Weekly SubMIT project team meeting

America/New_York
ZOOM

ZOOM

David Walter (Massachusetts Institute of Technology), Jan Eysermans (Massachusetts Institute of Technology), Mariarosaria D'Alfonso (Massachusetts Institute of Technology)
  • Monday, 1 June
    • 1
      Discussion
      Speakers: Alexander Avdoshkin (MIT), David Walter (Massachusetts Institute of Technology), Luca Lavezzo (MIT), Marianne Moore (MIT), Mariarosaria D'Alfonso (Massachusetts Institute of Technology), Matthew Heine (Massachusetts Institute of Technology), Xuejian(Jacob) Shen (Massachusetts Institute of Technology)
      • Main focus: Preparation for the annual review (steering committee), Wednesday, 5th floor IndyCor office, 1–3 PM, with Zoom +
        coffee/cookies.*
      • Annual Review Prep*

        - Slides: drafts uploaded; everyone to finalize today and cross-review others' slides for overlap/duplication. Emphasize
        what's new since last year (e.g. storage quota increase; Jan's HTCondor CPU/memory-efficiency tool deserves a dedicated
        slide). David to add a year-in-review summary pulled from Cleo tickets.
        - Overlap noted: Maria & Jan both cover user storage quotas (5/10/100 GB) — to be deconflicted offline.
        - Logistics: Matt can't attend (rescheduled clash) — David presents his slides; editable PowerPoint + Cleo ticket provided.
        Jacob (only other in-person) to arrive ~20–30 min early to help set up; David handles coffee. Christoph gives a similar
        overview/funding talk as last year.
        - Action (Jan): test X11/X-Win32 (Windows) tonight and X2Go — remove if dead, fix X2Go (Christoph wants it kept). Matt
        reassigning the relevant Cleo ticket to Jan.
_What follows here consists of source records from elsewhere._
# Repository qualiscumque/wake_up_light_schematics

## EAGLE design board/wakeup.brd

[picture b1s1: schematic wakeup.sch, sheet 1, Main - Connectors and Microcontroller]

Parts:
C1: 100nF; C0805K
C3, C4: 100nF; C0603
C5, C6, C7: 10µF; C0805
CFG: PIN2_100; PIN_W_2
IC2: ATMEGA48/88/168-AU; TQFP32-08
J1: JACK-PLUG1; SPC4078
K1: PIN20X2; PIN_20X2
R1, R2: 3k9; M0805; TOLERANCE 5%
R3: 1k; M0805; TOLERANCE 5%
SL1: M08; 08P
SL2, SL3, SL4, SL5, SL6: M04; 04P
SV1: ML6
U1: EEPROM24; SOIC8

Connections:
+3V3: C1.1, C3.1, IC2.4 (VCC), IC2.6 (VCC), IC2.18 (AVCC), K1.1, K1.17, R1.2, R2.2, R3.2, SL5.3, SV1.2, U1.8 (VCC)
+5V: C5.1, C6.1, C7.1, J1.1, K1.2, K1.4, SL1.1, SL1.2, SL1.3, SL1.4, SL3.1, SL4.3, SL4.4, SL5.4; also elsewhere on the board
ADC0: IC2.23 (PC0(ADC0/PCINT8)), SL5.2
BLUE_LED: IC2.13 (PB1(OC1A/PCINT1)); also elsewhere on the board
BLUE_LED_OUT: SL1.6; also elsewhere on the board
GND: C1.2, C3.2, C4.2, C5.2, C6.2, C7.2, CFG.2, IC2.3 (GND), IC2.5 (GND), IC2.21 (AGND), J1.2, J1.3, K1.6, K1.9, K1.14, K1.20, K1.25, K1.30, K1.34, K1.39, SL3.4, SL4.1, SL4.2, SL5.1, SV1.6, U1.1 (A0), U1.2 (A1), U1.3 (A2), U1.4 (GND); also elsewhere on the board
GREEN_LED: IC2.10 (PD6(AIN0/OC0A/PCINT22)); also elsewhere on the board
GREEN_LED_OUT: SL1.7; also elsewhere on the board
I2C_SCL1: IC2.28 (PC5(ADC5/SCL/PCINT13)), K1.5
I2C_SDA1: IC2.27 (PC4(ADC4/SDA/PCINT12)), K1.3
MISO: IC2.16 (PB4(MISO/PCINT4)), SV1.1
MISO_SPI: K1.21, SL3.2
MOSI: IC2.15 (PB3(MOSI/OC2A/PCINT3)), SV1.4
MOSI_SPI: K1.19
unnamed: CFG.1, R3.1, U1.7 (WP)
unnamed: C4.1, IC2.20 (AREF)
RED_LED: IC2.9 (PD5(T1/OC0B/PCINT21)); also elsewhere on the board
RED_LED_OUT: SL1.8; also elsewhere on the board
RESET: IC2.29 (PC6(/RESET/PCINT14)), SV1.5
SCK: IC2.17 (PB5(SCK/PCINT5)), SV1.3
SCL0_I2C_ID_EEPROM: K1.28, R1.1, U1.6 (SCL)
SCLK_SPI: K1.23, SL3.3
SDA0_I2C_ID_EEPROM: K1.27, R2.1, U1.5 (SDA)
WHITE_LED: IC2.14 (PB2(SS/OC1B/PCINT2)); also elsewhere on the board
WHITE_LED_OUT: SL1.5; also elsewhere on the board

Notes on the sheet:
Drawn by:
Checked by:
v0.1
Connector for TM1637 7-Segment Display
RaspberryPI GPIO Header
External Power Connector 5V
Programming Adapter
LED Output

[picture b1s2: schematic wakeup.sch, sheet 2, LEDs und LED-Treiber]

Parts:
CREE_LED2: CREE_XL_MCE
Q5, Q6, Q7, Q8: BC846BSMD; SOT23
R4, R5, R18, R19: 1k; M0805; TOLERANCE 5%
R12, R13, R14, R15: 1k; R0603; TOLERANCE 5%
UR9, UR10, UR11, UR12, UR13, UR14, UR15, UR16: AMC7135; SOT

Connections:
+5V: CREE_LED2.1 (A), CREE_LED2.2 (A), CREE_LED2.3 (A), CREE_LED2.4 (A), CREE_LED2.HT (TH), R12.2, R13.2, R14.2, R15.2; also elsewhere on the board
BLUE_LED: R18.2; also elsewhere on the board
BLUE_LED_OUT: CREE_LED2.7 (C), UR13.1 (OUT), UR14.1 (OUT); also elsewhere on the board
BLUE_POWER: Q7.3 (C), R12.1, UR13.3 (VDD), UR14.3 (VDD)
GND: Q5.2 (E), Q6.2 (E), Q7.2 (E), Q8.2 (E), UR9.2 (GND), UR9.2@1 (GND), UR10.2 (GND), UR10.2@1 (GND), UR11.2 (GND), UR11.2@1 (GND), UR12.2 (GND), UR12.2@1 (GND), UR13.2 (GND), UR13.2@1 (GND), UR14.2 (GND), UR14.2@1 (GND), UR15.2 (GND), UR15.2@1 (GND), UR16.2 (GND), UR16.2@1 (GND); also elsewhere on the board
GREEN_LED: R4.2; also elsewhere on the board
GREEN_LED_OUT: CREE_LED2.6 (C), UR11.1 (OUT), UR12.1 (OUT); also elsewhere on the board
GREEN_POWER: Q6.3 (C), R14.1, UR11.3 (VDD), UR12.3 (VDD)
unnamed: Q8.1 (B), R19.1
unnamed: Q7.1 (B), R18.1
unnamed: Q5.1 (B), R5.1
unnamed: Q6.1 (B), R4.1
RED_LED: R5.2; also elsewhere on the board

      • Storage / Ceph (Maria)*

        - A2rchi crashes fixed via retry-on-fail (30s) — stable 10+ days.
        - Ceph perf testing (Analysis Grand Challenge, 1.7 TB): no improvement from new ROOT fix vs old, Ceph vs scratch (~10×
        slower than scratch). Will re-test write-to-new-directory; will report as a bullet only (stability recovered, perf
        unchanged, investigating). David: rebalancing/scrubbing still running (~weeks) may slightly affect results.
        - Disk-usage monitoring scripts (from Marian) copied over and committed to GitHub. CephFS ~70% full; old-user /data/user
        holds 24 TB (4 users); revisit reclaiming old user/group space at 75–80%. Action (Maria): open ticket summarizing
        storage-management findings by end of week. Also: orphaned groups (no users) need a manual cleanup process.

      • Tickets / Other*

        - Ronald Garcia's group requesting 8–10 TB backup space (OK to grant) + testing scratch for a large (hundreds of TB)
        workflow — Christoph to follow up on plans/possible funding.
        - OSG (Jan): following Tim's instructions, blocked on broken token retrieval on OSG's website — Jan to chase Tim, document
        in Cleo.
        - Inefficient users (Jan): contact Simon (½M jobs, 8% memory efficiency). Efficiency plots over 30/90 days look broken — Jan
        to check script.
        - Slurm monitoring (Jacob): building HTCondor-style efficiency monitoring; coordinate shared plotting tools with Jan;
        summarize status on one slide for review.
        - submit06 slowdown (Matt): mount-check cron jobs piled up (~50–60) after a timeout failed when the script went bash→Python
        (timeout didn't kill subprocess). Old crons removed; will fix timeout + add file-lock guard, possibly roll out a lock to all
        cron jobs after validating on one.

      • Software*

        - New kernel exploit mitigated by disabling the unused vulnerable package.
        - AlmaLinux 9.8 rollout via Ansible in progress (GPU nodes done, rest ongoing).
        - Ceph 20.2.2 in validation (~1–2 weeks out); David plans to apply the minor upgrade — Christoph urged caution.

        Next: finalize/cross-review slides today; steering meeting Wednesday.